# Alternatives to T-Quoter and Fastmanager



## raise (Apr 11, 2008)

I've been hunting for a shop management program and while T-Quoter and FastManager each have pluses, they also still don't really match what I need.

Has anyone else seen or know of similar programs?


----------



## IDINDUSTRIES (Sep 28, 2007)

check out Pricelist from SMR software (Embroidery and Screen Printing Products from SMR Software)


----------



## raise (Apr 11, 2008)

IDINDUSTRIES said:


> check out Pricelist from SMR software (Embroidery and Screen Printing Products from SMR Software)



Neat piece of software. I'm looking for something more flexible though as I run DTG printing. It looks like there are a number of fixed items in the costing segment.

If this application were more configurable and supported product imports, it would be pretty close to what I am looking for.

Anyone else found similar applications?

A dream application would:

1. allow import of product catalogs from vendors,
2. support image associations with each product per variation, 
3. generate mockups based design files and product images (like custom shirt designers do except be able to save the mockup for reference),
4. generate work orders,
5. support multiple users on a network.
6. be priced from $500 or less.


----------



## VectorKing (Mar 1, 2007)

I was really impressed by FastManager. You can set up your pricing tables any way that you would like and it is compatible with Quickbooks meaning no repetitive data entry. What is it lacking for you? Not having product images or is it priced too high? I'm interested to hear others opinions on the software as I have been researching management systems.
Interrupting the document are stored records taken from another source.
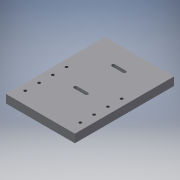
# Autodesk Inventor part: MacroBasePlate_V1
Saved by Autodesk Inventor 2019 (Build 230136000, 136)
## iProperties
Created: 2012-05-23
Part Number: MacroBasePlate_V1
Document SubType Name: Modeling
Designer: Fabian
Density: 1 g/cm^3
Material: Generic
Appearance: Default
Author: Fabian
Autodesk Inventor part; units mm, degrees
ref_plane "YZ Plane" through (0, 0, 0) normal (1, 0, 0) x (0, 1, 0)
ref_plane "XZ Plane" through (0, 0, 0) normal (0, 1, 0) x (-1, 0, 0)
sketch "Sketch1" plane through (0, 0, 0) normal (0, 0, 1) x (1, 0, 0)
  circle A0 centre (5, 95) radius 3 construction
  arc A1 (-53, -30) -> (-47, -30) centre (-50, -30) ccw construction
  line L0 (-53, -30) -> (-53, 30) construction
  arc A2 (-47, 30) -> (-53, 30) centre (-50, 30) ccw construction
  line L1 (-47, 30) -> (-47, -30) construction
  arc A3 (47, -30) -> (53, -30) centre (50, -30) ccw construction
  line L2 (47, -30) -> (47, 30) construction
  arc A4 (53, 30) -> (47, 30) centre (50, 30) ccw construction
  line L3 (53, 30) -> (53, -30) construction
  circle A5 centre (31.5, 31.5) radius 6 construction
  circle A6 centre (-31.5, 31.5) radius 6 construction
  circle A7 centre (-31.5, -31.5) radius 6 construction
  circle A8 centre (31.5, -31.5) radius 6 construction
  line L4 (62.5, 47.5) -> (-62.5, 47.5) construction
  line L5 (-62.5, 47.5) -> (-62.5, -47.5) construction
  line L6 (-62.5, -47.5) -> (62.5, -47.5) construction
  line L7 (62.5, -47.5) -> (62.5, 47.5) construction
  line L8 (62.5, -47.5) -> (-62.5, -47.5)
  line L9 (-62.5, -47.5) -> (-62.5, 132.5)
  line L10 (-62.5, 132.5) -> (62.5, 132.5)
  line L11 (62.5, 132.5) -> (62.5, -47.5)
  point P0 (0, 0)
  dimension "d0" = 180
  dimension "d1" = 125
  constraints: 8 end point, 2 parallel, 1 horizontal, 1 perpendicular
  measures "d0" distance of L8.end L9.end
  measures "d1" distance of L9.end L10.end
ref_plane "Work Plane1" through (-75, -725, 15) normal (0, 0, -1) x (0, 1, 0)
extrude "Extrusion1" add sketch "Sketch1" along normal up to surface (15 mm away)
sketch "Sketch2" plane through (0, 0, 0) normal (0, 0, -1) x (-1, 0, 0)
  line L0 (-62.5, -47.5) -> (62.5, -47.5) projected
  arc A0 (47, -30) -> (53, -30) centre (50, -30) ccw construction
  arc A1 (53, 30) -> (47, 30) centre (50, 30) ccw construction
  line L1 (47, 30) -> (47, -30) construction
  line L2 (53, -30) -> (53, 30) construction
  point P0 (0, 0)
  point P1 (50, -25)
  point P2 (50, 0)
  point P3 (50, 25)
  point P4 (-50, -25)
  point P5 (-50, 0)
  point P6 (-50, 25)
  point P7 (50, 50)
  point P8 (-50, 50)
  dimension "d5" = 55
  dimension "d8" = 25
  dimension "d11" = 100
  constraints: 1 horizontal, 1 vertical, 7 other
  measures "d5" distance of A1.centre point (50, -25)
  measures "d8" distance of point (50, -25) point (50, 0)
  measures "d11" distance of point (50, -25) point (-50, -25)
hole "Hole1" at (-50, -25, 0) at (-50, 0, 0) at (-50, 25, 0) at (50, -25, 0) at (50, 0, 0) at (50, 25, 0) at (-50, 50, 0) at (50, 50, 0) direction (0, 0, 1) diameter 4.917 end through all thread size "M6x1" class "6H" standard "ANSI Metric M Profile"
sketch "Sketch4" plane through (0, 0, 0) normal (0, 0, -1) x (-1, 0, 0)
  circle A0 centre (-5, 95) radius 3 projected
  line L0 (0, -83.5) -> (0, 168.5) projected
  line L1 (-10, 95) -> (10, 95) construction
  line L2 (-10, 92) -> (10, 92)
  line L3 (-10, 98) -> (10, 98)
  arc A1 (10, 92) -> (10, 98) centre (10, 95) ccw
  arc A2 (-10, 98) -> (-10, 92) centre (-10, 95) ccw
  line L4 (-62.5, 47.5) -> (62.5, 47.5) construction
  line L5 (-10, 26.134) -> (10, 26.134) construction
  line L6 (-10, 23.134) -> (10, 23.134)
  line L7 (-10, 29.134) -> (10, 29.134)
  arc A3 (10, 23.134) -> (10, 29.134) centre (10, 26.134) ccw
  arc A4 (-10, 29.134) -> (-10, 23.134) centre (-10, 26.134) ccw
  point P0 (0, 0)
  dimension "d21" = 20
  dimension "d22" = 3
  dimension "d23" = 3
  dimension "d24" = 6
  dimension "d27" = 47.5
  dimension "d30" = 68.866
  constraints: 12 end point, 8 point on circle, 4 centre point, 2 parallel, 2 tangent, 1 perpendicular, 1 vertical, 13 other
  measures "d21" distance of L3.start L3.end
  measures "d22" radius of A2
  measures "d23" radius of A1
  measures "d24" distance between parallel lines of L2 L3
  measures "d27" distance from line of L1.end L4
  measures "d30" distance of L2.start L6.start
extrude "Extrusion2" cut sketch "Sketch4" against normal blind 15
sketch "Sketch5" plane through (0, 0, 0) normal (0, 0, -1) x (-1, 0, 0)
  arc A0 (10, 92) -> (10, 98) centre (10, 95) ccw projected
  line L0 (10, 92) -> (-10, 92) projected
  arc A1 (-10, 98) -> (-10, 92) centre (-10, 95) ccw projected
  line L1 (-10, 98) -> (10, 98) projected
  arc A2 (10, 23.134) -> (10, 29.134) centre (10, 26.134) ccw projected
  line L2 (10, 23.134) -> (-10, 23.134) projected
  arc A3 (-10, 29.134) -> (-10, 23.134) centre (-10, 26.134) ccw projected
  line L3 (-10, 29.134) -> (10, 29.134) projected
  arc A4 (10, 92) -> (10, 98) centre (10, 95) ccw projected
  line L4 (10, 92) -> (-10, 92) projected
  arc A5 (-10, 98) -> (-10, 92) centre (-10, 95) ccw projected
  line L5 (-10, 98) -> (10, 98) projected
  circle A6 centre (-50, 50) radius 2.4585 projected
  circle A7 centre (50, 50) radius 2.4585 projected
  circle A8 centre (-50, 25) radius 2.4585 projected
  circle A9 centre (-50, 0) radius 2.4585 projected
  circle A10 centre (-50, -25) radius 2.4585 projected
  circle A11 centre (50, 25) radius 2.4585 projected
  circle A12 centre (50, 0) radius 2.4585 projected
  circle A13 centre (50, -25) radius 2.4585 projected
  line L6 (-62.5, -47.5) -> (62.5, -47.5) projected
  line L7 (62.5, -47.5) -> (62.5, 132.5) projected
  line L8 (62.5, 132.5) -> (-62.5, 132.5) projected
  line L9 (-62.5, 132.5) -> (-62.5, -47.5) projected
  line L10 (-10, 89) -> (10, 89)
  line L11 (-10, 101) -> (10, 101)
  arc A14 (10, 89) -> (10, 101) centre (10, 95) ccw
  arc A15 (-10, 101) -> (-10, 89) centre (-10, 95) ccw
  line L12 (0, -83.5) -> (0, 168.5) projected
  line L13 (-10, 20.134) -> (10, 20.134)
  line L14 (-10, 32.134) -> (10, 32.134)
  arc A16 (10, 20.134) -> (10, 32.134) centre (10, 26.134) ccw
  arc A17 (-10, 32.134) -> (-10, 20.134) centre (-10, 26.134) ccw
  point P0 (0, 0)
  dimension "d35" = 12
  dimension "d36" = 6
  dimension "d37" = 6
  dimension "d38" = 6
  dimension "d41" = 68.866
  constraints: 8 end point, 8 point on circle, 4 centre point, 2 tangent, 1 parallel, 1 perpendicular, 1 vertical, 10 other
  measures "d35" distance between parallel lines of L11 L10
  measures "d36" distance from line of L10 A1.centre
  measures "d37" radius of A15
  measures "d38" radius of A14
  measures "d41" distance of L10.start L13.start
extrude "Extrusion3" cut sketch "Sketch5" against normal blind 7 contours A0 L1 L12 L11 A14 L10 L0 | L12 L10 A15 L11 L1 A1 L0 | L14 A16 L13 L12 L2 A2 L3 | L12 L3 A3 L2 L13 A17 L14
body "Solid1"

I have also looked into ASI Computer system's Profitmaker but it is mored honed into ASI distributing and manufacturing rather than a printing and embroidery production shop.


----------



## martinwoods (Jul 20, 2006)

I am not sure if estimate would be what you are looking for but when I talked to them at sgia last week they said they were going to be adding dtg to it. At least that is what the woman told me


----------



## raise (Apr 11, 2008)

martinwoods said:


> I am not sure if estimate would be what you are looking for but when I talked to them at sgia last week they said they were going to be adding dtg to it. At least that is what the woman told me


 
Which product is this? Do you have a link to look at?


----------



## raise (Apr 11, 2008)

VectorKing said:


> I was really impressed by FastManager. You can set up your pricing tables any way that you would like and it is compatible with Quickbooks meaning no repetitive data entry. What is it lacking for you? Not having product images or is it priced too high? I'm interested to hear others opinions on the software as I have been researching management systems. I have also looked into ASI Computer system's Profitmaker but it is mored honed into ASI distributing and manufacturing rather than a printing and embroidery production shop.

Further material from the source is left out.